(EXERCISE INPUT)

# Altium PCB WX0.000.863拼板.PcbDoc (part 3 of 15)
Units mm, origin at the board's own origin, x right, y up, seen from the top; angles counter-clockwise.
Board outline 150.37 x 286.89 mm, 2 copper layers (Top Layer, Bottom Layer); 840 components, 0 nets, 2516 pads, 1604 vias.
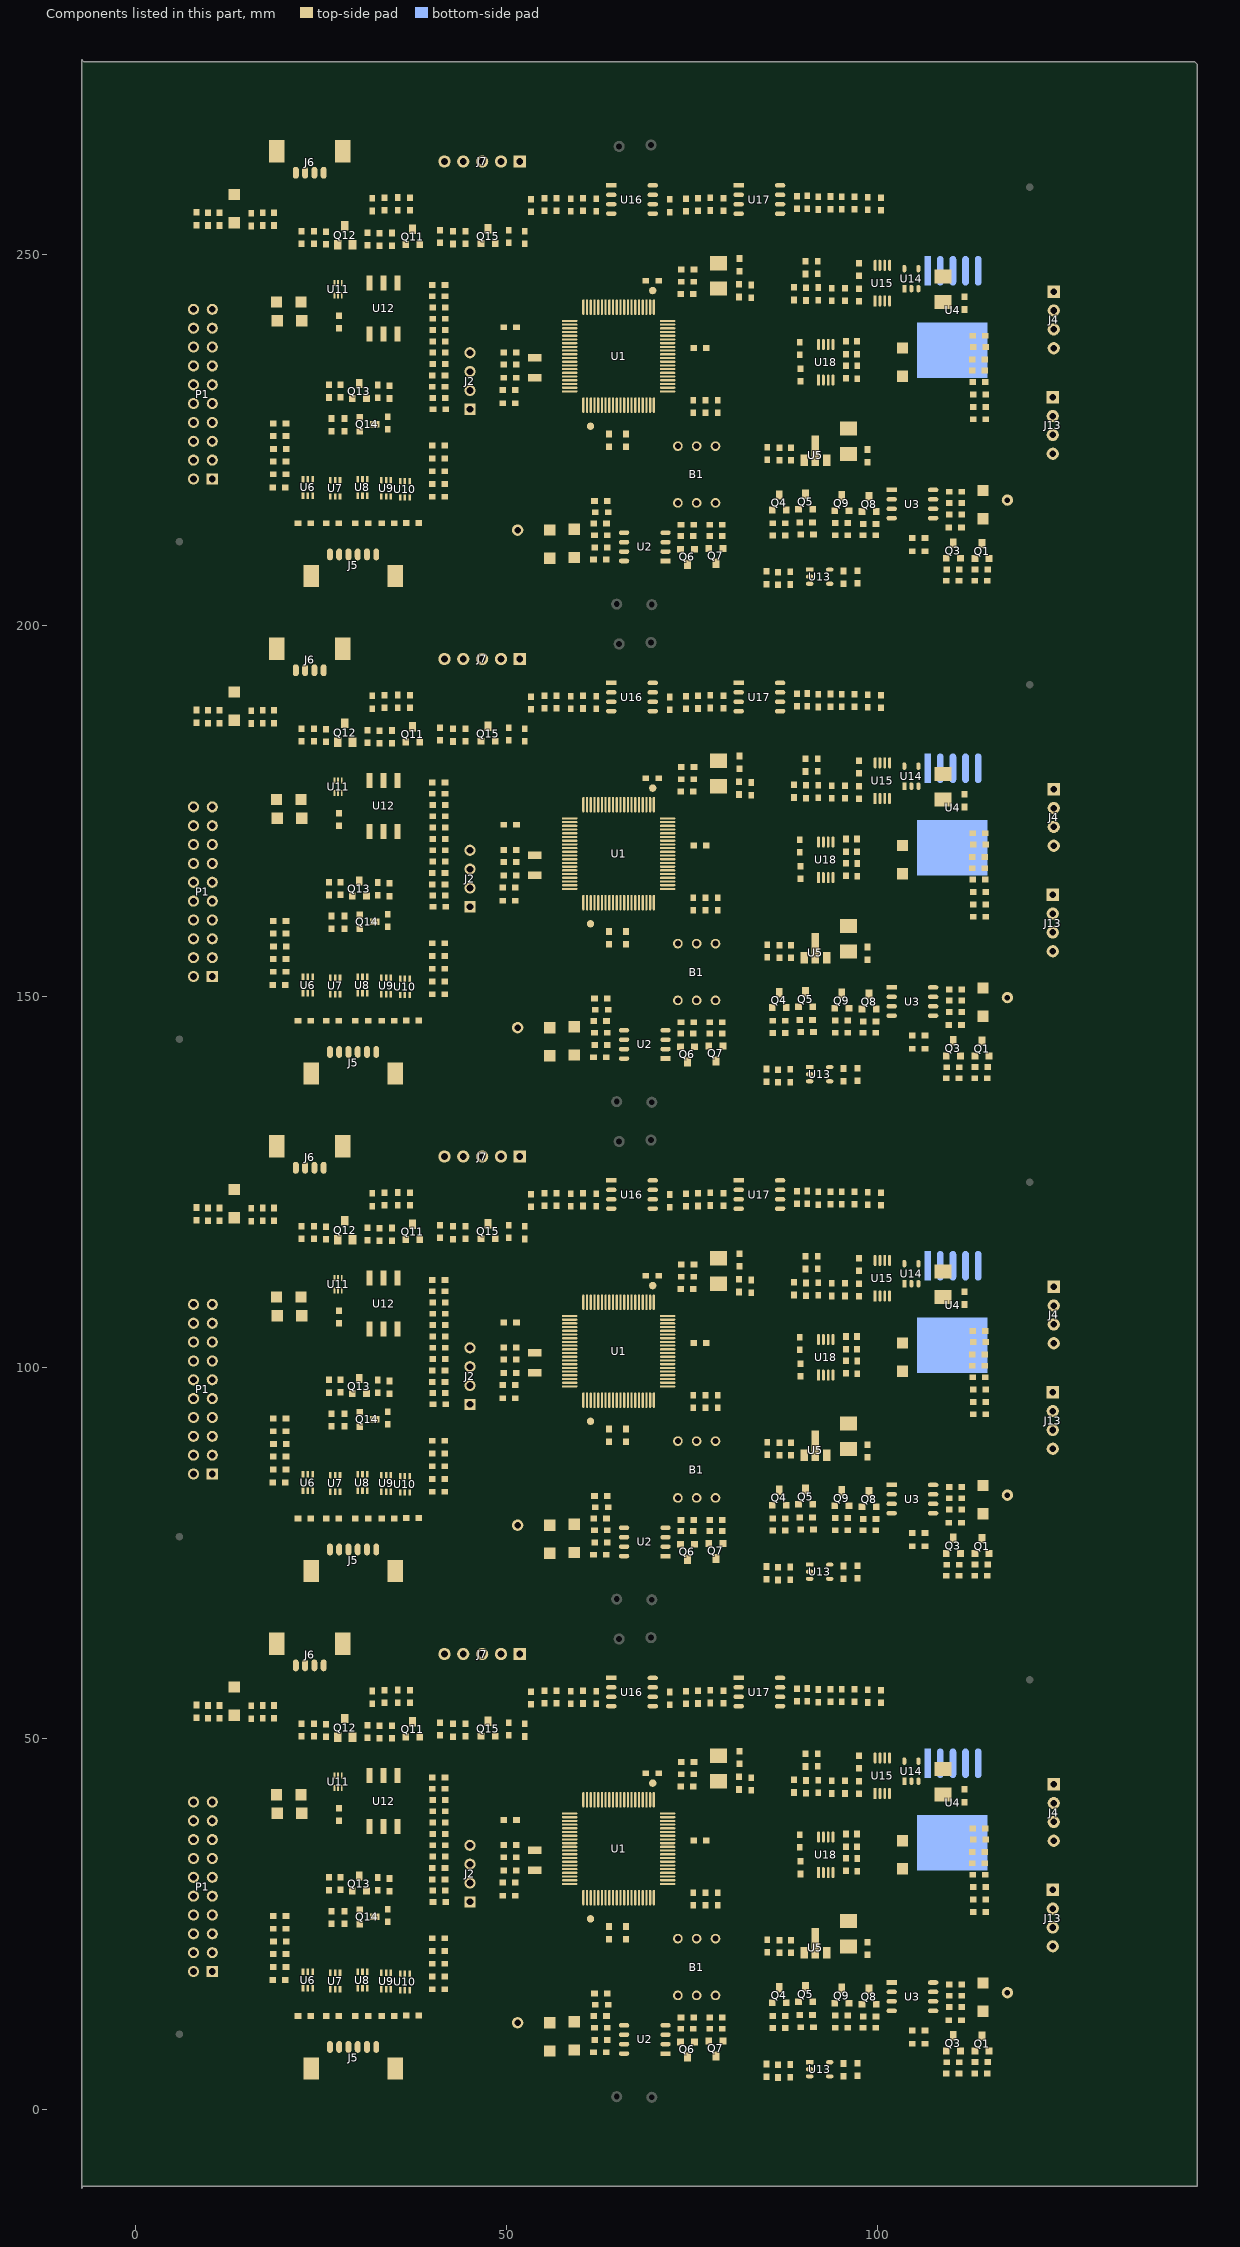
[diagram p3: the components of this part, seen from the top]

## Via types
v1: diameter 0.635, hole 0.381, Top Layer to Bottom Layer, tented both sides, 1604 vias

## Nets (pads, with @x,y where several pads share a name; then routed paths per layer and width w, separated by ;. In a path a pad name is that pad's centre, name@x,y a point inside that pad or via, vN(x,y) a via of type N, cw(c..) or ccw(c..) an arc to the next point about the centre after c; other vN are vias at no path point) (continued)
copper on no net: (continued)
  Top Layer w0.203: 7.823,28.06 cw(c7.823,26.495) 8.93,27.602 cw(c10.037,28.709) 8.472,28.709 ; 7.823,28.263 cw(c7.823,27.189) 8.583,27.949 cw(c9.343,28.709) 8.268,28.709 ; 7.823,28.709 9.068,27.464 9.068,22.911 9.576,22.403 10.973,22.403 v1(11.684,21.692) ; 7.823,33.789 8.879,33.789 ; 7.823,36.329 8.426,36.329 9.525,35.23 11.176,35.23 12.924,36.977 27.275,36.977 28.067,37.77 28.854,37.77 29.896,36.728 37.516,36.728 v1@38.456,37.668 ; 7.823,95.116 cw(c7.823,93.551) 8.93,94.658 cw(c10.037,95.765) 8.472,95.765 ; 7.823,95.319 cw(c7.823,94.245) 8.583,95.005 cw(c9.343,95.765) 8.268,95.765 ; 7.823,95.765 9.068,94.52 9.068,89.967 9.576,89.459 10.973,89.459 v1(11.684,88.748) ; 7.823,100.845 8.879,100.845 ; 7.823,103.385 8.426,103.385 9.525,102.286 11.176,102.286 12.924,104.033 27.275,104.033 28.067,104.826 28.854,104.826 29.896,103.784 37.516,103.784 v1@38.456,104.724 ; 7.823,162.172 cw(c7.823,160.607) 8.93,161.714 cw(c10.037,162.821) 8.472,162.821 ; 7.823,162.375 cw(c7.823,161.301) 8.583,162.061 cw(c9.343,162.821) 8.268,162.821 ; 7.823,162.821 9.068,161.576 9.068,157.023 9.576,156.515 10.973,156.515 v1(11.684,155.804) ; 7.823,167.901 8.879,167.901 ; 7.823,170.441 8.426,170.441 9.525,169.342 11.176,169.342 12.924,171.089 27.275,171.089 28.067,171.882 28.854,171.882 29.896,170.84 37.516,170.84 v1@38.456,171.78 ; 7.823,229.228 cw(c7.823,227.663) 8.93,228.77 cw(c10.037,229.877) 8.472,229.877 ; 7.823,229.431 cw(c7.823,228.357) 8.583,229.117 cw(c9.343,229.877) 8.268,229.877 ; 7.823,229.877 9.068,228.632 9.068,224.079 9.576,223.571 10.973,223.571 v1(11.684,222.86) ; 7.823,234.957 8.879,234.957 ; 7.823,237.497 8.426,237.497 9.525,236.398 11.176,236.398 12.924,238.145 27.275,238.145 28.067,238.938 28.854,238.938 29.896,237.896 37.516,237.896 v1@38.456,238.836 ; 7.825,36.29 cw(c7.9,34.932) 8.861,35.894 ; 7.825,103.346 cw(c7.9,101.988) 8.861,102.95 ; 7.825,170.402 cw(c7.9,169.044) 8.861,170.006 ; 7.825,237.458 cw(c7.9,236.1) 8.861,237.062 ; 7.836,36.087 cw(c7.933,34.322) 9.183,35.572 ; 7.836,103.143 cw(c7.933,101.378) 9.183,102.628 ; 7.836,170.199 cw(c7.933,168.434) 9.183,169.684 ; 7.836,237.255 cw(c7.933,235.49) 9.183,236.74 ; 7.848,35.884 cw(c7.966,33.712) 9.505,35.25 ; 7.848,102.94 cw(c7.966,100.768) 9.505,102.306 ; 7.848,169.996 cw(c7.966,167.824) 9.505,169.362 ; 7.848,237.052 cw(c7.966,234.88) 9.505,236.418 ; 8.255,54.471 11.264,54.471 11.328,54.407 11.557,54.635 v1(13.513,54.635) ; 8.255,121.527 11.264,121.527 11.328,121.463 11.557,121.691 v1(13.513,121.691) ; 8.255,188.583 11.264,188.583 11.328,188.519 11.557,188.747 v1(13.513,188.747) ; 8.255,255.639 11.264,255.639 11.328,255.575 11.557,255.803 v1(13.513,255.803) ; 8.402,33.496 cw(c8.879,33.254) 8.879,33.789 ; 8.402,34.082 ccw(c8.879,34.323) 8.879,33.789 ; 8.402,100.552 cw(c8.879,100.31) 8.879,100.845 ; 8.402,101.138 ccw(c8.879,101.379) 8.879,100.845 ; 8.402,167.608 cw(c8.879,167.366) 8.879,167.901 ; 8.402,168.194 ccw(c8.879,168.435) 8.879,167.901 ; 8.402,234.664 cw(c8.879,234.422) 8.879,234.957 ; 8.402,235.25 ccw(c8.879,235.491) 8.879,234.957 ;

(End EXERCISE INPUT)

__EXERCISE REQUIREMENTS__.
Write out, exactly and with nothing else, the lines of the listing above from its first line through the line with "Board outline 150.37".

__WORKED SOLUTION__.
# Altium PCB WX0.000.863拼板.PcbDoc (part 3 of 15)
Units mm, origin at the board's own origin, x right, y up, seen from the top; angles counter-clockwise.
Board outline 150.37 x 286.89 mm, 2 copper layers (Top Layer, Bottom Layer); 840 components, 0 nets, 2516 pads, 1604 vias.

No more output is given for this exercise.